* [DATA RECORDS]:

________________________________________

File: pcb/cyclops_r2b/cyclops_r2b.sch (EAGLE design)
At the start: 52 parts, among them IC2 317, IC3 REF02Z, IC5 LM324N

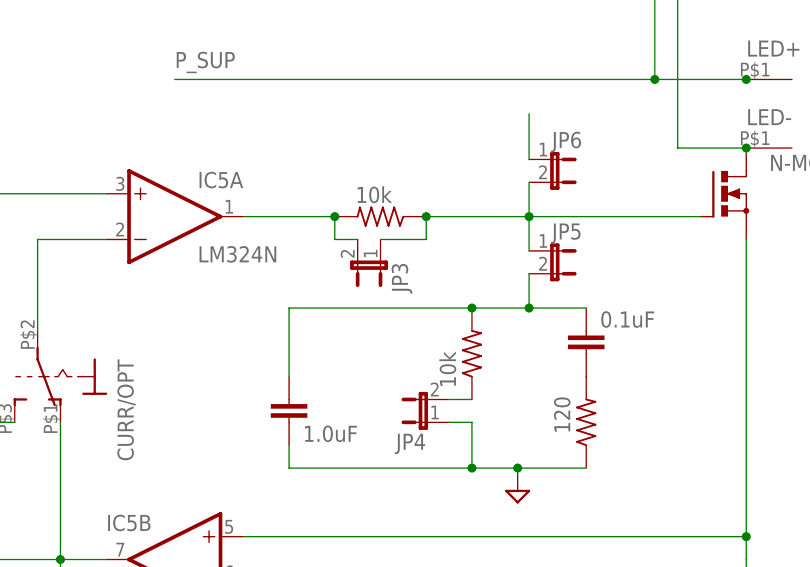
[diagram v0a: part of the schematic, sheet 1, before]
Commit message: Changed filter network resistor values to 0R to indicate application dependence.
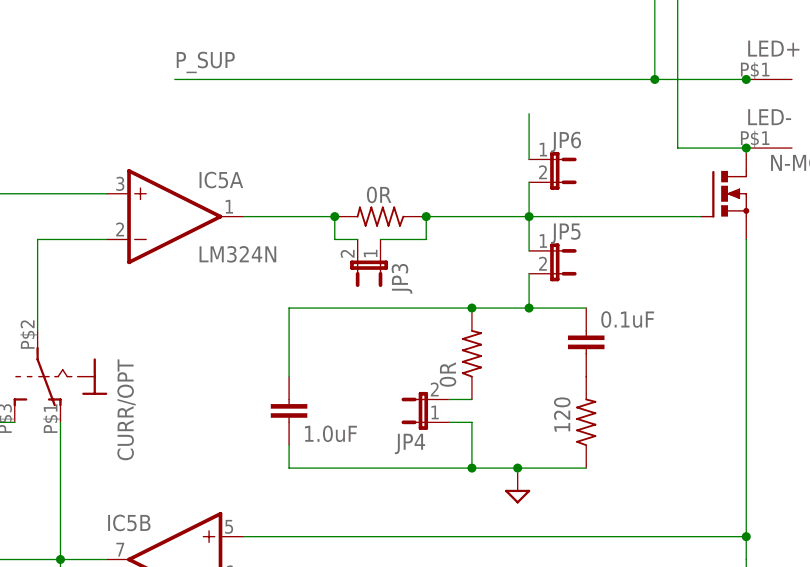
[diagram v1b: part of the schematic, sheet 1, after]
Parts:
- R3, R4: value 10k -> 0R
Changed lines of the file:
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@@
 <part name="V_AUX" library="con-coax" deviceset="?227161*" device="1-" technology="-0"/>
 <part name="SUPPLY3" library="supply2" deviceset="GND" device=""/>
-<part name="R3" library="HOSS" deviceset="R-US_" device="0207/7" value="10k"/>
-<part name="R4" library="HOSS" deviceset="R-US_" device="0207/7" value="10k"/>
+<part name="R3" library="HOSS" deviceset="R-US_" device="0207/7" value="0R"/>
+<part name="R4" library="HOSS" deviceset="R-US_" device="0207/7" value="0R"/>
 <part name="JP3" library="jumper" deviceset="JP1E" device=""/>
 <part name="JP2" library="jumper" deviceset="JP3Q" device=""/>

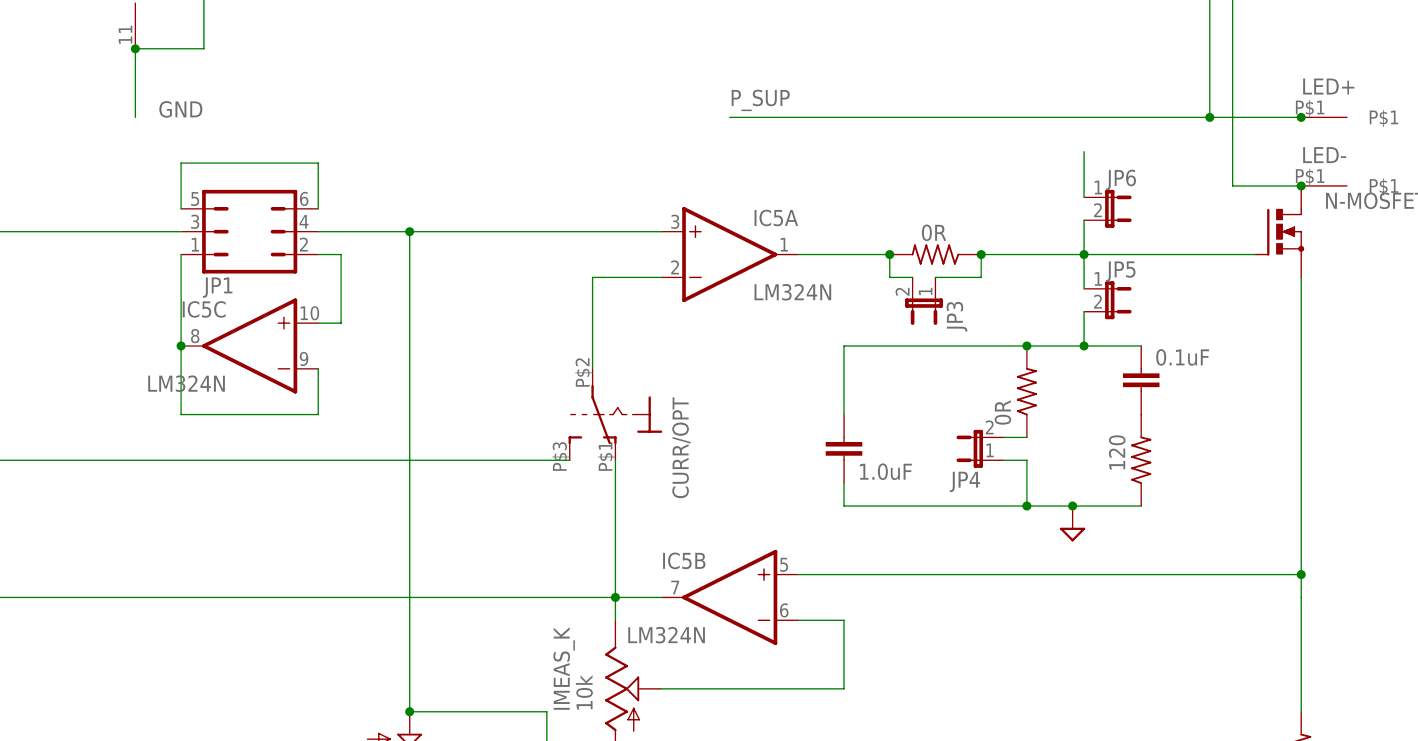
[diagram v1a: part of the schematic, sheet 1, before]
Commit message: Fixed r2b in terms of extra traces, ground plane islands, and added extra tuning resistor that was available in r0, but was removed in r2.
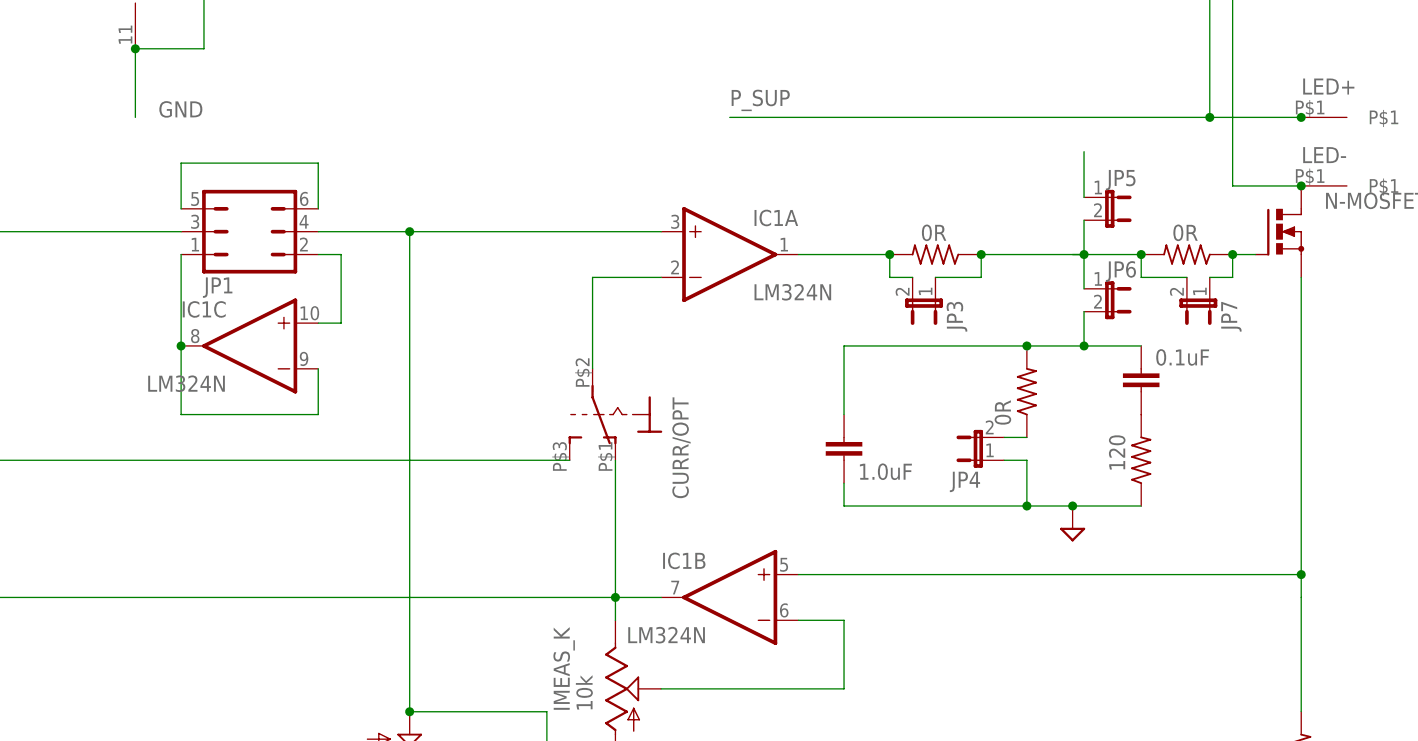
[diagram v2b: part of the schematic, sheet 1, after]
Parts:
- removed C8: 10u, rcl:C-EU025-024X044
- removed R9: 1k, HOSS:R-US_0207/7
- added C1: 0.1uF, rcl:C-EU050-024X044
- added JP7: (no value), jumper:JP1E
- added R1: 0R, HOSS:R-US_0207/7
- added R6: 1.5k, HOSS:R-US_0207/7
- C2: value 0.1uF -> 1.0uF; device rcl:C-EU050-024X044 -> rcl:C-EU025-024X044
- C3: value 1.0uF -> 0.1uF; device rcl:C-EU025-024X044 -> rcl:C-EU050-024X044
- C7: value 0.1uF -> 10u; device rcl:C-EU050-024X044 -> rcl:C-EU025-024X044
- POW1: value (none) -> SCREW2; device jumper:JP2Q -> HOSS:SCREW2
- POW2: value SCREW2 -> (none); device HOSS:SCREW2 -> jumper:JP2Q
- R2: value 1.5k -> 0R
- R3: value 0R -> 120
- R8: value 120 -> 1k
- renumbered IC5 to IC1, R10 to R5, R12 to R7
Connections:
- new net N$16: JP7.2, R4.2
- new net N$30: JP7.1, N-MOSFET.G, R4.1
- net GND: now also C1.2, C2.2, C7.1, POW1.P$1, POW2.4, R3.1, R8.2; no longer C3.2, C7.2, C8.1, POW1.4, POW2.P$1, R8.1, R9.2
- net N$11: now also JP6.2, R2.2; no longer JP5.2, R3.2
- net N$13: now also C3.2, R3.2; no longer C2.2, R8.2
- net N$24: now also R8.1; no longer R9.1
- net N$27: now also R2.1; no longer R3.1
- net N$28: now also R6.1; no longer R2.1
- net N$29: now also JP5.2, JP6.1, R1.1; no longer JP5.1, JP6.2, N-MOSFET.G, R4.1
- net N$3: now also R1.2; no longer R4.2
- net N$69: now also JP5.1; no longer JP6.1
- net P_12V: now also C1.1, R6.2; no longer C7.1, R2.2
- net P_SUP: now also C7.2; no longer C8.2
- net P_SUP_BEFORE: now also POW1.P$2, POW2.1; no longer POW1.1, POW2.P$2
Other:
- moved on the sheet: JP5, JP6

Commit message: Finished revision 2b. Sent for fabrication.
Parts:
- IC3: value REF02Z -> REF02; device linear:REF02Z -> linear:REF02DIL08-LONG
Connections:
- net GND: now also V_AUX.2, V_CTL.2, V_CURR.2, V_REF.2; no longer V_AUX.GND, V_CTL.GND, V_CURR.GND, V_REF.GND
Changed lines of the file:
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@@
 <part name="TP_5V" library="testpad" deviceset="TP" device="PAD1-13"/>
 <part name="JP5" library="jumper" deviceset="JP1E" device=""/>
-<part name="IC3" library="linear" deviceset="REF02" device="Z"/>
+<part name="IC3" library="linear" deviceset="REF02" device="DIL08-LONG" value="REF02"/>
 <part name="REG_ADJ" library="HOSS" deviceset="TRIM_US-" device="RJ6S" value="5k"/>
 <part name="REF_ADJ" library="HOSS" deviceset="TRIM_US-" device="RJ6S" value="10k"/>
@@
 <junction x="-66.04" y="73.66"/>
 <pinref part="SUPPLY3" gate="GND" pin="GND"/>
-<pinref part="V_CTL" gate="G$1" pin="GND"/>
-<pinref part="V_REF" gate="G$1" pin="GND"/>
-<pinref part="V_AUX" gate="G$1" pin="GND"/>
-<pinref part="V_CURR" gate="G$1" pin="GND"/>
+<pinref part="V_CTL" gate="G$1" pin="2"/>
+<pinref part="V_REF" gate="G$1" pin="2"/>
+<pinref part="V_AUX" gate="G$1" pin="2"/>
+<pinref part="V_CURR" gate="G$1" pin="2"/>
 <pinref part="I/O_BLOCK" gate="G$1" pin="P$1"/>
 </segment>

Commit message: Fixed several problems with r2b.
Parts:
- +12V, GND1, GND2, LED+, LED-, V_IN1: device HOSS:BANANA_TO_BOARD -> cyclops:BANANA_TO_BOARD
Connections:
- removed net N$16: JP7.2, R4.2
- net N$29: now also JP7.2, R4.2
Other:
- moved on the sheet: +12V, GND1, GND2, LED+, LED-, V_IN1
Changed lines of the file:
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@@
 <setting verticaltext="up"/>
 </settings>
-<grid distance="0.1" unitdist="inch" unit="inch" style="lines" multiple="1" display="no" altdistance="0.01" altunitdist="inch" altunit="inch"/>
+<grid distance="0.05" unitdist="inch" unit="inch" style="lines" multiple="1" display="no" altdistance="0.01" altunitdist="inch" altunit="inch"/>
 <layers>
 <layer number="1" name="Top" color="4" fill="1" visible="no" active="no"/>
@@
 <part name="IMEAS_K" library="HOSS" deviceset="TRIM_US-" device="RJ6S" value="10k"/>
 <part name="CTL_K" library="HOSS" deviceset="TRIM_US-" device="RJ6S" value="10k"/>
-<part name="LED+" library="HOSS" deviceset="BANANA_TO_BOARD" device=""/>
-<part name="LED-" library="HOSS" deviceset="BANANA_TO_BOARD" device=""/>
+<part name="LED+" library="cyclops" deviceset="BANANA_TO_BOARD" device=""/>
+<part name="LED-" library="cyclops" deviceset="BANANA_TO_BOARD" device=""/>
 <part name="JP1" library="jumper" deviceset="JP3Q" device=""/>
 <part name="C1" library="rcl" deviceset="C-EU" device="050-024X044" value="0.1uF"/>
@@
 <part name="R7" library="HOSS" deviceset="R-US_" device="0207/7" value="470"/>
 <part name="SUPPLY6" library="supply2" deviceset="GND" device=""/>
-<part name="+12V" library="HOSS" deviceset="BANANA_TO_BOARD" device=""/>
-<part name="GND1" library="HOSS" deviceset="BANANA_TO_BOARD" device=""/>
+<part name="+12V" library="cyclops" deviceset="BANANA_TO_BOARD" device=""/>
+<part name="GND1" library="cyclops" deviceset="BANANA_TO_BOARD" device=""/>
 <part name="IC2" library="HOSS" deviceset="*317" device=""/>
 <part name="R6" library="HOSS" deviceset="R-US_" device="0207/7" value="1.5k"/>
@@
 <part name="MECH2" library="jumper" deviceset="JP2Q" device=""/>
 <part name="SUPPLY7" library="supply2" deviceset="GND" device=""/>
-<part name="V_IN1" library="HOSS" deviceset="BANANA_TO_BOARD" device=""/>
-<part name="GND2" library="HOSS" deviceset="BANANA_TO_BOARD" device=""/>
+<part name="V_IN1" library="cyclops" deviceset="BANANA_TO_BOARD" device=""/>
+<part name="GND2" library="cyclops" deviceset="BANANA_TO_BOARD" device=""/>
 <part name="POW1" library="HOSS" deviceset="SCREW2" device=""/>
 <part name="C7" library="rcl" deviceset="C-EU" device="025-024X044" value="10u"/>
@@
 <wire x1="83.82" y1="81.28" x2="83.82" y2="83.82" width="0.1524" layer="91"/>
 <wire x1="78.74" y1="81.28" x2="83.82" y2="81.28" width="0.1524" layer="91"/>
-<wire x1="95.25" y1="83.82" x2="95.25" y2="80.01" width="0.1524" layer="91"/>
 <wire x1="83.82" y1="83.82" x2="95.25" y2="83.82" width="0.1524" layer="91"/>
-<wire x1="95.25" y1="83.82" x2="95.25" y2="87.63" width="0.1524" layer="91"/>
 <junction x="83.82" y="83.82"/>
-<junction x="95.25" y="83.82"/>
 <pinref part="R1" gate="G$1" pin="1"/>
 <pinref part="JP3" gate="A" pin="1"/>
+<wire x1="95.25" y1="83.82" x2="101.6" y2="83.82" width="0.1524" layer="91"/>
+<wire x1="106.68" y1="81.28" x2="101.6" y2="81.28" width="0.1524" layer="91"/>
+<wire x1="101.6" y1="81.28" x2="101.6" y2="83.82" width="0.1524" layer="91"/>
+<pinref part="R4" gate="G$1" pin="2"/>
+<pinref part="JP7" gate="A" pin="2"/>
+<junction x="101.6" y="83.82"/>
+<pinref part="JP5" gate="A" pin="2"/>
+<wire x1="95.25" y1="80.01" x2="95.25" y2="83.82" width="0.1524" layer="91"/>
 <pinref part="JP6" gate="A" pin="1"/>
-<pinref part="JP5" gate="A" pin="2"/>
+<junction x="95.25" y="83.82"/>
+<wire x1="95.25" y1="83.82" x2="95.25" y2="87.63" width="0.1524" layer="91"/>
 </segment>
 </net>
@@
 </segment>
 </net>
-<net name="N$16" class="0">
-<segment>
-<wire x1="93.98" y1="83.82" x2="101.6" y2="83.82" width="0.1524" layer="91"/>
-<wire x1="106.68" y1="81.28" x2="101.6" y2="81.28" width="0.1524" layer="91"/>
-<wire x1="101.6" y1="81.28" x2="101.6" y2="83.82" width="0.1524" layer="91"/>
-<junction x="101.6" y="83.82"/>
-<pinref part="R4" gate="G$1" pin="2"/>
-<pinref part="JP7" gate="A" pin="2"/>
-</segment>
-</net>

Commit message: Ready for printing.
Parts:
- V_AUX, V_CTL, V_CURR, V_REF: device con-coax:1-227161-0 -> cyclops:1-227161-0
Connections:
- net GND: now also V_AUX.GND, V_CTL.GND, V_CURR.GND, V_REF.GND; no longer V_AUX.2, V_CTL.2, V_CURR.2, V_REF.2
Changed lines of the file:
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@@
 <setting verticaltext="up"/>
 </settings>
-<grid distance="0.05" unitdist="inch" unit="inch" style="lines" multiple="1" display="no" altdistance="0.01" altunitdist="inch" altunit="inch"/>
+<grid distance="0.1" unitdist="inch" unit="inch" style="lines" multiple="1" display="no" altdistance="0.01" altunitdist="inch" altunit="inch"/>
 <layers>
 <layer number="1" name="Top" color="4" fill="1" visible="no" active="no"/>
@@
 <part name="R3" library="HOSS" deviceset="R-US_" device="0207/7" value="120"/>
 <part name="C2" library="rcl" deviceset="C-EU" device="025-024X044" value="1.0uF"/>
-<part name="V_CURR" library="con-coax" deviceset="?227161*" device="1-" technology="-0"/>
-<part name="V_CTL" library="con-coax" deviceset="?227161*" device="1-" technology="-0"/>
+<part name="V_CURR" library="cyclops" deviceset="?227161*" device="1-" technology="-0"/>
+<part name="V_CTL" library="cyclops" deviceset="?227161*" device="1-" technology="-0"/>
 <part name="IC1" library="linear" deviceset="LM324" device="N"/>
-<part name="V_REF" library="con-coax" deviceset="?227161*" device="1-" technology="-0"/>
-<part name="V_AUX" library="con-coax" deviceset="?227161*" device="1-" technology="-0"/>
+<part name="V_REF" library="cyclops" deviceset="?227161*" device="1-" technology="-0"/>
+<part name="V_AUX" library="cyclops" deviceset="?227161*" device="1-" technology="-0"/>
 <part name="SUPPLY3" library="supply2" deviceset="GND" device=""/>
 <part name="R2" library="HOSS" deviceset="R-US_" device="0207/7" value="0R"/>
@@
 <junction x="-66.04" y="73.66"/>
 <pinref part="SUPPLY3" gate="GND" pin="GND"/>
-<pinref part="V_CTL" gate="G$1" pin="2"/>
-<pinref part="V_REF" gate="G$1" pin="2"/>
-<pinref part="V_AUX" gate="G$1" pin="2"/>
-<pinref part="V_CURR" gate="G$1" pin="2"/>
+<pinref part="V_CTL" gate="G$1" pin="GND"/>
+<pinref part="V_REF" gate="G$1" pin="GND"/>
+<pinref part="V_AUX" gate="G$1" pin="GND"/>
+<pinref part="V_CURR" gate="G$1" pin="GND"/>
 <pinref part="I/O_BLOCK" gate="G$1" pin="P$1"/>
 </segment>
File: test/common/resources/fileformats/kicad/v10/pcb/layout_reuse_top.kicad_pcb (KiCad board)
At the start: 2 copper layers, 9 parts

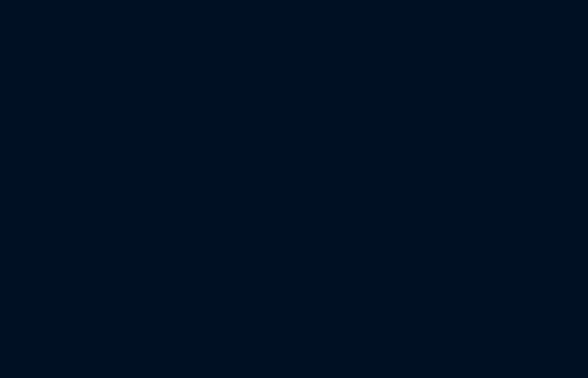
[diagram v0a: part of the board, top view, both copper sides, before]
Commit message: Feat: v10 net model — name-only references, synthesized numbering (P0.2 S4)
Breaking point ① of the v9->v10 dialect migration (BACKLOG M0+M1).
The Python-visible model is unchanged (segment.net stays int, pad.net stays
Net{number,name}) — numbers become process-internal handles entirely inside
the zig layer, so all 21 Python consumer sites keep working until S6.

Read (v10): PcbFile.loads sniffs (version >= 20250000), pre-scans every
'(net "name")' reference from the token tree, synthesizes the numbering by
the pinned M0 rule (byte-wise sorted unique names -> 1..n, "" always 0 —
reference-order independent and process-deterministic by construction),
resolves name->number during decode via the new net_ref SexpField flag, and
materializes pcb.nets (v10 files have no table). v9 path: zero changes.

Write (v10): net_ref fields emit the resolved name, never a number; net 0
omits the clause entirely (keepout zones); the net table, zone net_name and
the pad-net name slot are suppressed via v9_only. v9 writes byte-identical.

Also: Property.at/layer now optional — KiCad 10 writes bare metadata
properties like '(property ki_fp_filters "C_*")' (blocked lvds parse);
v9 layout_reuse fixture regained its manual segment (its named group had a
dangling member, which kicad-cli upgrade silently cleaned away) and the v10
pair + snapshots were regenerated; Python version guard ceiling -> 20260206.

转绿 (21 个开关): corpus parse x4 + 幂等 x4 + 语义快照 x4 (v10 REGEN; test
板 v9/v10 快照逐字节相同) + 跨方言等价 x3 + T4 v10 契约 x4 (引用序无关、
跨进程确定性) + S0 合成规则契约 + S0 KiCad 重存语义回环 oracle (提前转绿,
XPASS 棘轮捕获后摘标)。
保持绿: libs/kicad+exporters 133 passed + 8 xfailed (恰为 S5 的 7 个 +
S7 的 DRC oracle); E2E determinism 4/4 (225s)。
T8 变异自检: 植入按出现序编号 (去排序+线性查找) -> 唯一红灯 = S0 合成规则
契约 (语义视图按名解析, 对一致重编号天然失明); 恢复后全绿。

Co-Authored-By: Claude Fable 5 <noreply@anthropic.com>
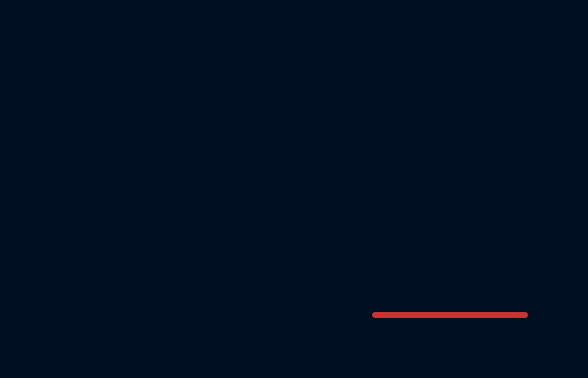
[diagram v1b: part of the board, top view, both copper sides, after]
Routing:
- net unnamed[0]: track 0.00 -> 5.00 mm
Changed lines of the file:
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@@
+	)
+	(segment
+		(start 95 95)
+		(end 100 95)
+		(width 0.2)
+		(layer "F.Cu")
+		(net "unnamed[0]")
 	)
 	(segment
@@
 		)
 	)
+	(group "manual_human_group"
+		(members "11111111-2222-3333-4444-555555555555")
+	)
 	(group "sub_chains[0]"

________________________________________

* [ACTIVITY]:
Would you please print only the lines running from the one with "materializes pcb.nets (v10" to the final line of the entries above, exactly as written and without pictures?

* [SOLUTION TO THIS TASK]:
materializes pcb.nets (v10 files have no table). v9 path: zero changes.

Write (v10): net_ref fields emit the resolved name, never a number; net 0
omits the clause entirely (keepout zones); the net table, zone net_name and
the pad-net name slot are suppressed via v9_only. v9 writes byte-identical.

Also: Property.at/layer now optional — KiCad 10 writes bare metadata
properties like '(property ki_fp_filters "C_*")' (blocked lvds parse);
v9 layout_reuse fixture regained its manual segment (its named group had a
dangling member, which kicad-cli upgrade silently cleaned away) and the v10
pair + snapshots were regenerated; Python version guard ceiling -> 20260206.

转绿 (21 个开关): corpus parse x4 + 幂等 x4 + 语义快照 x4 (v10 REGEN; test
板 v9/v10 快照逐字节相同) + 跨方言等价 x3 + T4 v10 契约 x4 (引用序无关、
跨进程确定性) + S0 合成规则契约 + S0 KiCad 重存语义回环 oracle (提前转绿,
XPASS 棘轮捕获后摘标)。
保持绿: libs/kicad+exporters 133 passed + 8 xfailed (恰为 S5 的 7 个 +
S7 的 DRC oracle); E2E determinism 4/4 (225s)。
T8 变异自检: 植入按出现序编号 (去排序+线性查找) -> 唯一红灯 = S0 合成规则
契约 (语义视图按名解析, 对一致重编号天然失明); 恢复后全绿。

Co-Authored-By: Claude Fable 5 <noreply@anthropic.com>
[diagram v1b: part of the board, top view, both copper sides, after]
Routing:
- net unnamed[0]: track 0.00 -> 5.00 mm
Changed lines of the file:
@@
+	)
+	(segment
+		(start 95 95)
+		(end 100 95)
+		(width 0.2)
+		(layer "F.Cu")
+		(net "unnamed[0]")
 	)
 	(segment
@@
 		)
 	)
+	(group "manual_human_group"
+		(members "11111111-2222-3333-4444-555555555555")
+	)
 	(group "sub_chains[0]"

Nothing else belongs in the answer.